What is man? Who am I in comparison to this world? Who are you? You are one of seven billion tiny organisms, living on an infinitesimally small pinprick of a dust ball, who are giving birth, breathing, eating, maybe reproducing and dying.

But that’s the Bible’s question: what is it to be human? What is your existence—your family, your career, your study, your relationships, your life—compared to this immense universe with its big bang, its nebulas and its millisecond pulsars?

But did you notice something? That’s not quite the way the song puts it, isn’t it. It’s not just the universe that’s big; this biblical song makes an even more profound point. It’s a point about God himself: God is big. See verse 1:

O Lord, our Lord,
how majestic is your name in all the earth!
You have set your glory above the heavens.

We’re not just talking here about how small we are compared to the universe; this is a song about our relationship to the majesty of the Lord—the God who created that universe.

Now it’s important to realize that this ‘God’ spoken about in the Bible has nothing to do with superstition and magical religion. The Bible’s view of God is the opposite of superstition. In fact, it’s the biblical view of God that enabled the early Christians to throw astrology away and promote astronomy instead.
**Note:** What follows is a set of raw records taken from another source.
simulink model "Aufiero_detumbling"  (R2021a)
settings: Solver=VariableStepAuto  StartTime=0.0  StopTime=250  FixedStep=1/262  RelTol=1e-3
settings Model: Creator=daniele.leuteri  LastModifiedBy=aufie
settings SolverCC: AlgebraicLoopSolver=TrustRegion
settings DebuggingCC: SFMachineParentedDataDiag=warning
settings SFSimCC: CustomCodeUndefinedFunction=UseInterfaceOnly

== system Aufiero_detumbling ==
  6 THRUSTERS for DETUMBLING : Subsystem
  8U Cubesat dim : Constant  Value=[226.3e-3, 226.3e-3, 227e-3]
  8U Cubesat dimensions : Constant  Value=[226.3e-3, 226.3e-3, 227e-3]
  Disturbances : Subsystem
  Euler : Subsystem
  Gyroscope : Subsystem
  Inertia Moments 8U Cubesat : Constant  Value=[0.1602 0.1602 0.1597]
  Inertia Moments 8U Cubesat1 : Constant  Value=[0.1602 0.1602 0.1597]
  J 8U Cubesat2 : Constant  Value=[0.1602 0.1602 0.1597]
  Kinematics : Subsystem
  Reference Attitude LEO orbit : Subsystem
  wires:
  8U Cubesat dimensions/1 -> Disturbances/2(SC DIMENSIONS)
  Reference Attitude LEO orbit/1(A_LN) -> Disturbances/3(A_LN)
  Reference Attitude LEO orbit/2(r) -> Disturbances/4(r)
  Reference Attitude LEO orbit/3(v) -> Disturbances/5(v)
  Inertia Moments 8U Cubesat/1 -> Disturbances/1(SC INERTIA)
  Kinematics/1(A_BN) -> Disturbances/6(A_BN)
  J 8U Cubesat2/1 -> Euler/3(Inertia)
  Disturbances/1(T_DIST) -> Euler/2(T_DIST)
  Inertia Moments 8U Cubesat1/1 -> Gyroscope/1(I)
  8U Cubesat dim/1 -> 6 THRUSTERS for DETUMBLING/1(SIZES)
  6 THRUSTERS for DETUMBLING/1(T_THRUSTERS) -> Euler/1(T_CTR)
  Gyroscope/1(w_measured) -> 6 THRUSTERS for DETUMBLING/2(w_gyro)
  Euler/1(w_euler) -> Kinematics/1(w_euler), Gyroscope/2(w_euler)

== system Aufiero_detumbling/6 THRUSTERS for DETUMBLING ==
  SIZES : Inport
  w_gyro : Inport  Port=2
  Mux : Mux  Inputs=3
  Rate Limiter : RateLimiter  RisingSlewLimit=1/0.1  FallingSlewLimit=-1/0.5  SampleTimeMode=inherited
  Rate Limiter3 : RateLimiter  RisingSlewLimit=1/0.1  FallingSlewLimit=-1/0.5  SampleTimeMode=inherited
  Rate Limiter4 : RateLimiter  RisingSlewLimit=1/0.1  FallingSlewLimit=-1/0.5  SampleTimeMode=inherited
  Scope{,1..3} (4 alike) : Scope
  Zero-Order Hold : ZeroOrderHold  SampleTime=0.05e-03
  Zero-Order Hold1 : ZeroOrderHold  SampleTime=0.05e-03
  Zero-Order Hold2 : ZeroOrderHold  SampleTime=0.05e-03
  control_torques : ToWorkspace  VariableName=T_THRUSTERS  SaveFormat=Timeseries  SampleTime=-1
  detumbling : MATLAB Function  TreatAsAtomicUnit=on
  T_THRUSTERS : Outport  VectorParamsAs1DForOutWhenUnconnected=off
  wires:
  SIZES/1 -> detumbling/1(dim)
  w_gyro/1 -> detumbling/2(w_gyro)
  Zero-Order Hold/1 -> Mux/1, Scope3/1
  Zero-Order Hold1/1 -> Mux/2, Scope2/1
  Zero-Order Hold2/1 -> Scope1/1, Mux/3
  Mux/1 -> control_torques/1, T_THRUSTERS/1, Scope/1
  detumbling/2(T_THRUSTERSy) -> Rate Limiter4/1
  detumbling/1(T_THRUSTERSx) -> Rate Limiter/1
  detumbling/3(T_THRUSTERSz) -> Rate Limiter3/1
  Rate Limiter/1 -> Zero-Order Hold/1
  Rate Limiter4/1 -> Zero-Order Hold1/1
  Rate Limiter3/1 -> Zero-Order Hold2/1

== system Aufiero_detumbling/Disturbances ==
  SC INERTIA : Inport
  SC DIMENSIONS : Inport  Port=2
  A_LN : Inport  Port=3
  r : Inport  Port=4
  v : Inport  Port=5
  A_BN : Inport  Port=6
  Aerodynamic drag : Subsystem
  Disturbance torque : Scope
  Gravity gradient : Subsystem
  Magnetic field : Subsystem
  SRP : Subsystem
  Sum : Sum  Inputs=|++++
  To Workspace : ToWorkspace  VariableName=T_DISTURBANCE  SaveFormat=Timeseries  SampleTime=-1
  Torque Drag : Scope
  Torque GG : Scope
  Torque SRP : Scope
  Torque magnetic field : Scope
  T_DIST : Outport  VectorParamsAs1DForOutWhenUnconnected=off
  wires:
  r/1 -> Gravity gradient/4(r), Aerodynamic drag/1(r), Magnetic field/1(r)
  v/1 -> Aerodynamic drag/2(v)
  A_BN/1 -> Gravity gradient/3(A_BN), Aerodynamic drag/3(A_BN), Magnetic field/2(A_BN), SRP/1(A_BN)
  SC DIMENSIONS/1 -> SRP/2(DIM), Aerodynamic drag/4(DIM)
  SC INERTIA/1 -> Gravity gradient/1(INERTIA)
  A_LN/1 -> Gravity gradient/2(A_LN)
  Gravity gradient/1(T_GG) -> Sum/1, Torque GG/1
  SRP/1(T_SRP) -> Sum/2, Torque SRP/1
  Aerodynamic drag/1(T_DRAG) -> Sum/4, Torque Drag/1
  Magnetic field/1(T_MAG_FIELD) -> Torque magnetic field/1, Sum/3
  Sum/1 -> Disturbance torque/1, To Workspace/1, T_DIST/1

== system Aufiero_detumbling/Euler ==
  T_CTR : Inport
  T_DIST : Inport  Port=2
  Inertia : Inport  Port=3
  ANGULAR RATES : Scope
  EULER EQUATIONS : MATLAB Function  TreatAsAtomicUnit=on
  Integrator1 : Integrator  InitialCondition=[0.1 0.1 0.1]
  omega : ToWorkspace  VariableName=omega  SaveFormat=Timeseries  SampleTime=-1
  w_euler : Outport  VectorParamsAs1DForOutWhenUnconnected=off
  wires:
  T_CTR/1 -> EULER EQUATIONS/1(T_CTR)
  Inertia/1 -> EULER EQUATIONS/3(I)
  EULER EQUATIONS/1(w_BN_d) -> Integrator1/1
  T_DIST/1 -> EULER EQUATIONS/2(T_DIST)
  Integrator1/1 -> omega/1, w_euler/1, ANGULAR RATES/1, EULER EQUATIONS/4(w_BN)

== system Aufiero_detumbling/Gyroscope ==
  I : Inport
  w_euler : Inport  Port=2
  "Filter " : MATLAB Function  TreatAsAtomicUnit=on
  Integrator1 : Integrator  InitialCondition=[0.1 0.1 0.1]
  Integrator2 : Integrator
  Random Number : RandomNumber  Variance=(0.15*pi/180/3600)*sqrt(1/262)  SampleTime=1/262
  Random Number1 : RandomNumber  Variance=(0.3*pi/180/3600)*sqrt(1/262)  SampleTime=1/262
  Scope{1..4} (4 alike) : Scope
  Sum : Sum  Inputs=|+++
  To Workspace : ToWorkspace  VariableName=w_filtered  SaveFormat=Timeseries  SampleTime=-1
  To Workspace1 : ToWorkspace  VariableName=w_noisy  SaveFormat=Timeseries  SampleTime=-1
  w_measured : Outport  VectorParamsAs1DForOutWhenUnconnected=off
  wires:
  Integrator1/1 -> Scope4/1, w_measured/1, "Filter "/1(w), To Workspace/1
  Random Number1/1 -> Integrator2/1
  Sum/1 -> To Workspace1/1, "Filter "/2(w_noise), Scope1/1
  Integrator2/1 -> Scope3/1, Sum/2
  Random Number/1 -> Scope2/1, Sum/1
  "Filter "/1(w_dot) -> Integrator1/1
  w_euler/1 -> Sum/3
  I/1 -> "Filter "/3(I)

Astrology is the belief that the stars have something to do with our lives. Astrology happens when people look out at the stars, see how distant and high they are, and decide that somehow, in some magical way, these stars have a direct influence on their own personal lives.

But just listen for a moment to Augustine, a Christian theologian who was writing in about 425 AD—a man whose influence over western thought has been profound and continues to this day. This is what Augustine says about astronomy and astrology, and their relative value:

Astronomy … makes possible systematic predictions about the future, which are not speculative and conjectural but firm and certain; but we should not try to extract something of relevance to our own actions and experiences, like the maniacs who cast horoscopes, but confine our interest to the stars themselves.2

Augustine rejected astrology because he believed in the God of the Bible—the God we meet here in this very song—a God whose glory is above the heavens. See verse 3: this is the God who made the heavens, and set the moon and stars in place. This is the God who is majestic and great, and above and beyond those stars themselves. He is a God of order who set those heavenly bodies where they should be. But he’s done it for his glory, not for magical speculation about how your week is going to pan out.

So the question of verse 4 is a question about our place before this God:

what is man that you are mindful of him,
and the son of man that you care for him?

Why on earth would this God, who created the stars, be interested in you and me? There are more stars in the visible universe than grains of sand in all the beaches on the earth. According to an Australian estimate in 2003, there are 70 sextillion stars. This is 7 x 1022. Who are we in all of this? I can’t resist quoting Douglas Adams in the Hitchhiker’s Guide to the Galaxy again:

Far out in the uncharted backwaters of the unfashionable end of the Western Spiral arm of the Galaxy lies a small unregarded yellow sun.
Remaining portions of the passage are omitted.